13. Ultimately, every controversy has been resolved by a Constitution Bench judgment of the Apex Court in Konkan Railway Corporation Ltd.

and Another Vs. Rani Construction Pvt. Ltd., . In para 18 of its judgment, the Apex Court held thus:

18. There is nothing in Section 11 that requires the party other than the party making the request to be noticed. It does not contemplate a

response from that other party. It does not contemplate a decision by the Chief Justice or his designate on any controversy that the other party may

raise, even in regard to its failure to appoint an Arbitrator within the period of thirty days. ........................ In its request to the Chief Justice to

make the appointment the party would aver that this period has passed and, ordinarily, correspondence between the parties would be annexed to

bear this out. This is all that the Chief Justice or his designate has to see.

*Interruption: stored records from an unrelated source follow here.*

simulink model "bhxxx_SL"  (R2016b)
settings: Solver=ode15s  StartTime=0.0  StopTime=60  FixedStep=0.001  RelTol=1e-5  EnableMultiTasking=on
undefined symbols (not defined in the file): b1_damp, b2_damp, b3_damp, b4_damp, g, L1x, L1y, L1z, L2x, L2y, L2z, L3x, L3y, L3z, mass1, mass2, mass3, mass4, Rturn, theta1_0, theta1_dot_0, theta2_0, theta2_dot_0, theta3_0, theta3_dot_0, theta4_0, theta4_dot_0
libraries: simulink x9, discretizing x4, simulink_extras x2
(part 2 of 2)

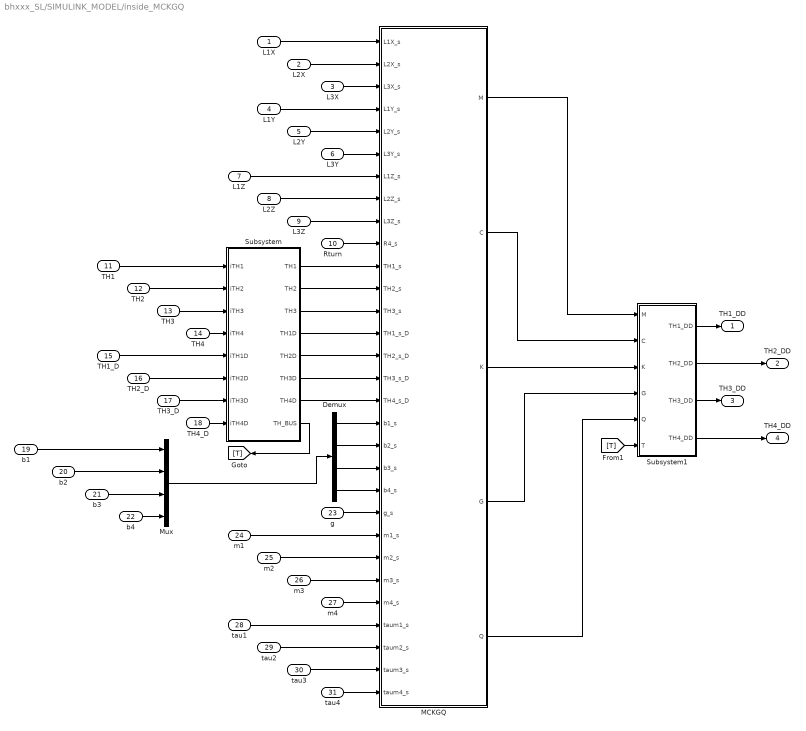
== system bhxxx_SL/SIMULINK_MODEL/inside_MCKGQ ==
  L1X : Inport
  L2X : Inport  Port=2
  L3X : Inport  Port=3
  L1Y : Inport  Port=4
  L2Y : Inport  Port=5
  L3Y : Inport  Port=6
  L1Z : Inport  Port=7
  L2Z : Inport  Port=8
  L3Z : Inport  Port=9
  Rturn : Inport  Port=10
  TH1 : Inport  Port=11
  TH2 : Inport  Port=12
  TH3 : Inport  Port=13
  TH4 : Inport  Port=14
  TH1_D : Inport  Port=15
  TH2_D : Inport  Port=16
  TH3_D : Inport  Port=17
  TH4_D : Inport  Port=18
  b1 : Inport  Port=19
  b2 : Inport  Port=20
  b3 : Inport  Port=21
  b4 : Inport  Port=22
  g : Inport  Port=23
  m1 : Inport  Port=24
  m2 : Inport  Port=25
  m3 : Inport  Port=26
  m4 : Inport  Port=27
  tau1 : Inport  Port=28
  tau2 : Inport  Port=29
  tau3 : Inport  Port=30
  tau4 : Inport  Port=31
  Demux : Demux
  MCKGQ : MATLAB Function  TreatAsAtomicUnit=on
  Mux : Mux
  Subsystem : Subsystem
  Subsystem1 : Subsystem
  TH1_DD : Outport
  TH2_DD : Outport  Port=2
  TH3_DD : Outport  Port=3
  TH4_DD : Outport  Port=4
  wires:
  m2/1 -> MCKGQ/24(m2_s)
  m3/1 -> MCKGQ/25(m3_s)
  m4/1 -> MCKGQ/26(m4_s)
  tau1/1 -> MCKGQ/27(taum1_s)
  g/1 -> MCKGQ/22(g_s)
  m1/1 -> MCKGQ/23(m1_s)
  TH1_D/1 -> Subsystem/5(iTH1D)
  b1/1 -> Mux/1
  b2/1 -> Mux/2
  TH3/1 -> Subsystem/3(iTH3)
  b3/1 -> Mux/3
  TH4_D/1 -> Subsystem/8(iTH4D)
  TH2_D/1 -> Subsystem/6(iTH2D)
  TH3_D/1 -> Subsystem/7(iTH3D)
  b4/1 -> Mux/4
  tau2/1 -> MCKGQ/28(taum2_s)
  tau3/1 -> MCKGQ/29(taum3_s)
  tau4/1 -> MCKGQ/30(taum4_s)
  L2X/1 -> MCKGQ/2(L2X_s)
  L3X/1 -> MCKGQ/3(L3X_s)
  L2Y/1 -> MCKGQ/5(L2Y_s)
  L3Y/1 -> MCKGQ/6(L3Y_s)
  L1Y/1 -> MCKGQ/4(L1Y_s)
  L2Z/1 -> MCKGQ/8(L2Z_s)
  L3Z/1 -> MCKGQ/9(L3Z_s)
  L1Z/1 -> MCKGQ/7(L1Z_s)
  TH1/1 -> Subsystem/1(iTH1)
  Rturn/1 -> MCKGQ/10(R4_s)
  TH2/1 -> Subsystem/2(iTH2)
  L1X/1 -> MCKGQ/1(L1X_s)
  Subsystem/8(TH_BUS) -> [T]
  Subsystem/7(TH4D) -> MCKGQ/17(TH4_s_D)
  Subsystem/6(TH3D) -> MCKGQ/16(TH3_s_D)
  Subsystem/5(TH2D) -> MCKGQ/15(TH2_s_D)
  Subsystem/4(TH1D) -> MCKGQ/14(TH1_s_D)
  Subsystem/3(TH3) -> MCKGQ/13(TH3_s)
  Subsystem/2(TH2) -> MCKGQ/12(TH2_s)
  Subsystem/1(TH1) -> MCKGQ/11(TH1_s)
  TH4/1 -> Subsystem/4(iTH4)
  Demux/1 -> MCKGQ/18(b1_s)
  Demux/2 -> MCKGQ/19(b2_s)
  Demux/3 -> MCKGQ/20(b3_s)
  Demux/4 -> MCKGQ/21(b4_s)
  Mux/1 -> Demux/1
  Subsystem1/1(TH1_DD) -> TH1_DD/1
  Subsystem1/2(TH2_DD) -> TH2_DD/1
  MCKGQ/1(M) -> Subsystem1/1(M)
  MCKGQ/2(C) -> Subsystem1/2(C)
  MCKGQ/3(K) -> Subsystem1/3(K)
  MCKGQ/4(G) -> Subsystem1/4(G)
  MCKGQ/5(Q) -> Subsystem1/5(Q)
  [T] -> Subsystem1/6(T)
  Subsystem1/3(TH3_DD) -> TH3_DD/1
  Subsystem1/4(TH4_DD) -> TH4_DD/1

== system bhxxx_SL/TRAJECTORY/End_Eff_Traj ==
  Bus Creator : BusCreator  Inputs=8
  Demux : Demux  Outputs=3
  Demux1 : Demux  Outputs=3
  From Spreadsheet : FromSpreadsheet  FileName=bh_hello_complete.xlsx  SheetName=COMP_SPLINE _4dof  SampleTime=0.01  ExtrapolationBeforeFirstDataPoint=Hold first value  ExtrapolationAfterLastDataPoint=Hold last value
  Mux : Mux  Inputs=3
  Mux1 : Mux  Inputs=3
  Reshape : Reshape  OutputDimensionality=Column vector (2-D)
  Reshape1 : Reshape  OutputDimensionality=Column vector (2-D)
  EFF_TRAJ : Outport
  wires:
  From Spreadsheet/2 -> Mux/2  "YE"
  From Spreadsheet/3 -> Mux/3  "ZE"
  From Spreadsheet/1 -> Mux/1  "XE"
  From Spreadsheet/4 -> Mux1/1  "DXEDT"
  Bus Creator/1 -> EFF_TRAJ/1
  From Spreadsheet/6 -> Mux1/3  "DZEDT"
  From Spreadsheet/5 -> Mux1/2  "DYEDT"
  Demux/1 -> Bus Creator/6  "DXEDT"
  Demux/2 -> Bus Creator/7  "DYEDT"
  Demux/3 -> Bus Creator/8  "DZEDT"
  Demux1/1 -> Bus Creator/1  "XE"
  Demux1/2 -> Bus Creator/2  "YE"
  Demux1/3 -> Bus Creator/3  "ZE"
  Mux/1 -> Reshape/1  "XYZ"
  Mux1/1 -> Reshape1/1
  Reshape/1 -> Bus Creator/4, Demux1/1  "XYZ_POS"
  Reshape1/1 -> Demux/1, Bus Creator/5  "XYZ_VEL"

== system bhxxx_SL/TRAJECTORY/Subsystem ==
  In1 : Inport
  In2 : Inport  Port=2
  Mux2 : Mux  Inputs=2
  Reshape : Reshape  OutputDimensionality=Column vector (2-D)
  Reshape1 : Reshape  OutputDimensionality=Column vector (2-D)
  Selector : Selector  InputPortWidth=8  IndexOptions=Index vector (dialog)  Indices=[1 5]  OutputSizes=1
  Selector1 : Selector  InputPortWidth=8  IndexOptions=Index vector (dialog)  Indices=[2 6]  OutputSizes=1
  Selector2 : Selector  InputPortWidth=8  IndexOptions=Index vector (dialog)  Indices=[3 7]  OutputSizes=1
  Selector3 : Selector  InputPortWidth=8  IndexOptions=Index vector (dialog)  Indices=[4 8]  OutputSizes=1
  Out1 : Outport
  Out2 : Outport  Port=2
  Out3 : Outport  Port=3
  Out4 : Outport  Port=4
  wires:
  In1/1 -> Reshape/1
  In2/1 -> Reshape1/1
  Reshape/1 -> Mux2/1
  Reshape1/1 -> Mux2/2
  Selector2/1 -> Out3/1
  Selector1/1 -> Out2/1
  Selector/1 -> Out1/1
  Mux2/1 -> Selector1/1, Selector/1, Selector2/1, Selector3/1
  Selector3/1 -> Out4/1

== system bhxxx_SL/TRAJECTORY/XY_compare ==
  XY_GOAL : Inport
  XY : Inport  Port=2
  Bus Selector1 : BusSelector  OutputSignals=XE,YE,ZE
  Demux : Demux  Outputs=3
  Mux : Mux  Inputs=2
  Mux1 : Mux  Inputs=2
  Mux2 : Mux  Inputs=2
  X : Outport
  Y : Outport  Port=2
  Z : Outport  Port=3
  wires:
  XY_GOAL/1 -> Bus Selector1/1
  XY/1 -> Demux/1
  Bus Selector1/1 -> Mux/1  "<XE>"
  Demux/1 -> Mux/2
  Bus Selector1/2 -> Mux1/1  "<YE>"
  Demux/2 -> Mux1/2
  Mux/1 -> X/1
  Mux1/1 -> Y/1
  Mux2/1 -> Z/1
  Bus Selector1/3 -> Mux2/1  "<ZE>"
  Demux/3 -> Mux2/2

== system bhxxx_SL/TRAJECTORY/get_XYDOT ==
  In1 : Inport
  Bus Selector2 : BusSelector  OutputSignals=DXEDT,DYEDT,DZEDT
  Mux2 : Mux  Inputs=3
  Reshape : Reshape  OutputDimensionality=Column vector (2-D)
  Out1 : Outport
  wires:
  Bus Selector2/1 -> Mux2/1  "<DXEDT>"
  Bus Selector2/2 -> Mux2/2  "<DYEDT>"
  In1/1 -> Bus Selector2/1
  Mux2/1 -> Reshape/1
  Reshape/1 -> Out1/1  "XY_DOT"
  Bus Selector2/3 -> Mux2/3  "<DZEDT>"

== system bhxxx_SL/VIEW/XYZ_EFF_COMPARE ==
  CMD_BUS : Inport
  PLANT_BUS : Inport  Port=2
  Bus Selector1 : BusSelector  OutputSignals=CALC_POS_BUS.WF_pos_EFF
  Bus Selector4 : BusSelector  OutputSignals=XYZ_BUS.XYZ_POS
  Mux : Mux  Inputs=2
  Reshape1 : Reshape  OutputDimensionality=Column vector (2-D)
  Reshape2 : Reshape  OutputDimensionality=Column vector (2-D)
  Selector : Selector  InputPortWidth=6  IndexOptions=Index vector (dialog)  Indices=[1 4]  OutputSizes=1
  Selector1 : Selector  InputPortWidth=6  IndexOptions=Index vector (dialog)  Indices=[2 5]  OutputSizes=1
  Selector2 : Selector  InputPortWidth=6  IndexOptions=Index vector (dialog)  Indices=[3 6]  OutputSizes=1
  X : Outport
  Y : Outport  Port=2
  Z : Outport  Port=3
  wires:
  CMD_BUS/1 -> Bus Selector4/1
  PLANT_BUS/1 -> Bus Selector1/1
  Bus Selector4/1 -> Reshape1/1  "<XYZ_POS>"
  Bus Selector1/1 -> Reshape2/1  "<WF_pos_EFF>"
  Reshape1/1 -> Mux/1
  Reshape2/1 -> Mux/2
  Mux/1 -> Selector2/1, Selector1/1, Selector/1
  Selector2/1 -> Z/1
  Selector1/1 -> Y/1
  Selector/1 -> X/1

== system bhxxx_SL/Create_PLANT_BUS/Subsystem1/Subsystem1 ==
  mg_signed : Inport
  Constant : Constant  Value=0
  Mux : Mux  Inputs=3
  Reshape : Reshape  OutputDimensionality=Column vector (2-D)
  COL : Outport
  wires:
  mg_signed/1 -> Mux/3
  Constant/1 -> Mux/2, Mux/1
  Mux/1 -> Reshape/1
  Reshape/1 -> COL/1

== system bhxxx_SL/Create_PLANT_BUS/Subsystem1/Subsystem2 ==
  mg_signed : Inport
  Constant : Constant  Value=0
  Mux : Mux  Inputs=3
  Reshape : Reshape  OutputDimensionality=Column vector (2-D)
  COL : Outport
  wires:
  mg_signed/1 -> Mux/3
  Constant/1 -> Mux/2, Mux/1
  Mux/1 -> Reshape/1
  Reshape/1 -> COL/1

== system bhxxx_SL/Create_PLANT_BUS/Subsystem1/Subsystem3 ==
  mg_signed : Inport
  Constant : Constant  Value=0
  Mux : Mux  Inputs=3
  Reshape : Reshape  OutputDimensionality=Column vector (2-D)
  COL : Outport
  wires:
  mg_signed/1 -> Mux/3
  Constant/1 -> Mux/2, Mux/1
  Mux/1 -> Reshape/1
  Reshape/1 -> COL/1

== system bhxxx_SL/Create_PLANT_BUS/Subsystem1/Subsystem4 ==
  mg_signed : Inport
  Constant : Constant  Value=0
  Mux : Mux  Inputs=3
  Reshape : Reshape  OutputDimensionality=Column vector (2-D)
  COL : Outport
  wires:
  mg_signed/1 -> Mux/3
  Constant/1 -> Mux/2, Mux/1
  Mux/1 -> Reshape/1
  Reshape/1 -> COL/1

== system bhxxx_SL/Create_PLANT_BUS/Subsystem1/Subsystem5 ==
  mg_signed : Inport
  Constant : Constant  Value=0
  Mux : Mux  Inputs=3
  Reshape : Reshape  OutputDimensionality=Column vector (2-D)
  COL : Outport
  wires:
  mg_signed/1 -> Mux/3
  Constant/1 -> Mux/2, Mux/1
  Mux/1 -> Reshape/1
  Reshape/1 -> COL/1

== system bhxxx_SL/Create_PLANT_BUS/Subsystem1/Subsystem6 ==
  mg_signed : Inport
  Constant : Constant  Value=0
  Mux : Mux  Inputs=3
  Reshape : Reshape  OutputDimensionality=Column vector (2-D)
  COL : Outport
  wires:
  mg_signed/1 -> Mux/3
  Constant/1 -> Mux/2, Mux/1
  Mux/1 -> Reshape/1
  Reshape/1 -> COL/1

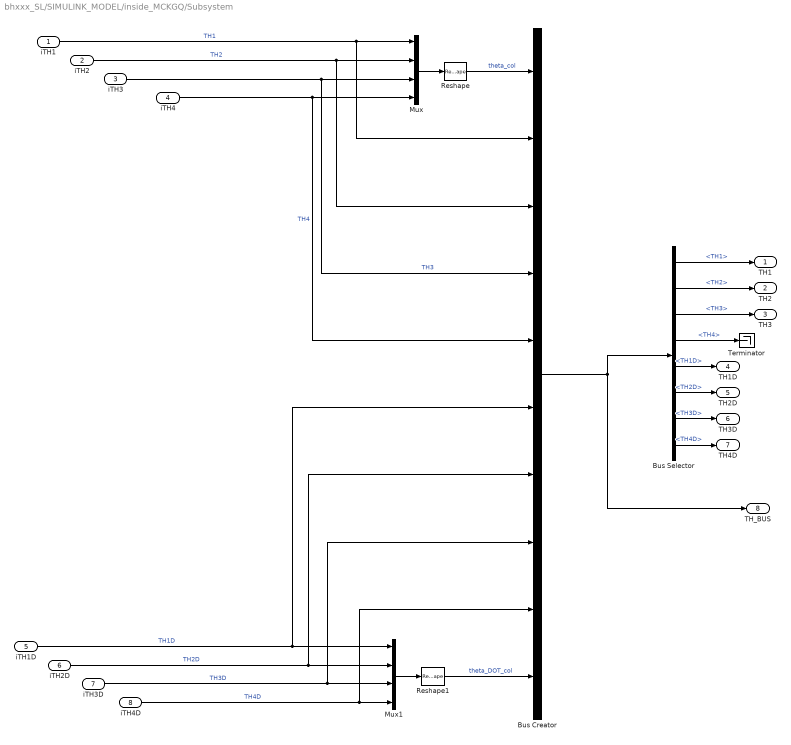
== system bhxxx_SL/SIMULINK_MODEL/inside_MCKGQ/Subsystem ==
  iTH1 : Inport
  iTH2 : Inport  Port=2
  iTH3 : Inport  Port=3
  iTH4 : Inport  Port=4
  iTH1D : Inport  Port=5
  iTH2D : Inport  Port=6
  iTH3D : Inport  Port=7
  iTH4D : Inport  Port=8
  Bus Creator : BusCreator  Inputs=10
  Bus Selector : BusSelector  OutputSignals=TH1,TH2,TH3,TH4,TH1D,TH2D,TH3D,TH4D
  Mux : Mux
  Mux1 : Mux
  Reshape : Reshape  OutputDimensionality=Column vector (2-D)
  Reshape1 : Reshape  OutputDimensionality=Column vector (2-D)
  Terminator : Terminator
  TH1 : Outport
  TH2 : Outport  Port=2
  TH3 : Outport  Port=3
  TH1D : Outport  Port=4
  TH2D : Outport  Port=5
  TH3D : Outport  Port=6
  TH4D : Outport  Port=7
  TH_BUS : Outport  Port=8
  wires:
  iTH2/1 -> Bus Creator/3, Mux/2  "TH2"
  iTH1/1 -> Bus Creator/2, Mux/1  "TH1"
  iTH2D/1 -> Bus Creator/7, Mux1/2  "TH2D"
  iTH1D/1 -> Bus Creator/6, Mux1/1  "TH1D"
  Mux/1 -> Reshape/1
  Mux1/1 -> Reshape1/1
  Reshape/1 -> Bus Creator/1  "theta_col"
  Reshape1/1 -> Bus Creator/10  "theta_DOT_col"
  Bus Creator/1 -> TH_BUS/1, Bus Selector/1
  iTH3D/1 -> Bus Creator/8, Mux1/3  "TH3D"
  iTH3/1 -> Bus Creator/4, Mux/3  "TH3"
  Bus Selector/1 -> TH1/1  "<TH1>"
  Bus Selector/2 -> TH2/1  "<TH2>"
  Bus Selector/3 -> TH3/1  "<TH3>"
  Bus Selector/5 -> TH1D/1  "<TH1D>"
  Bus Selector/6 -> TH2D/1  "<TH2D>"
  Bus Selector/7 -> TH3D/1  "<TH3D>"
  iTH4/1 -> Bus Creator/5, Mux/4  "TH4"
  iTH4D/1 -> Bus Creator/9, Mux1/4  "TH4D"
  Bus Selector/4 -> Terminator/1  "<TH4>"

14. Having regard to the authoritative pronouncement of a Constitution Bench of the Apex Court, the contention that the present application is

premature having not been filed after the expiry of 120 days and before expiry of 180 days from the date of notice, merits no consideration. The

judgment of a learned Single Judge of this Court in P. Siva Prasad''s case, referred to supra, is no more a good law in view of a Constitution Bench

judgment of the Apex Court.

15. Here is a case where obviously there has been an agreement between the parties and Clauses 63 and 64 of the GCC envisage the resolution of

the disputes between the parties inter se by arbitration. Admittedly, a notice demanding the resolution of the dispute by arbitration has been issued

in this case. Therefore, the request of the applicant for appointment of an Arbitrator can validly be considered. It may be made clear that every

objection touching the merits of the dispute between the parties can be taken into consideration notwithstanding the observations if any made by

this Court in the order supra and the same can be resolved by the Arbitrator independently.

16. For the foregoing reasons, the Arbitration Application is allowed and Sri D. V. Ramana Murthy, District and Sessions Judge (Retired), is

appointed as Sole Arbitrator for resolution of the dispute between the parties inter se. The Sole Arbitrator is entitled to fix his fee.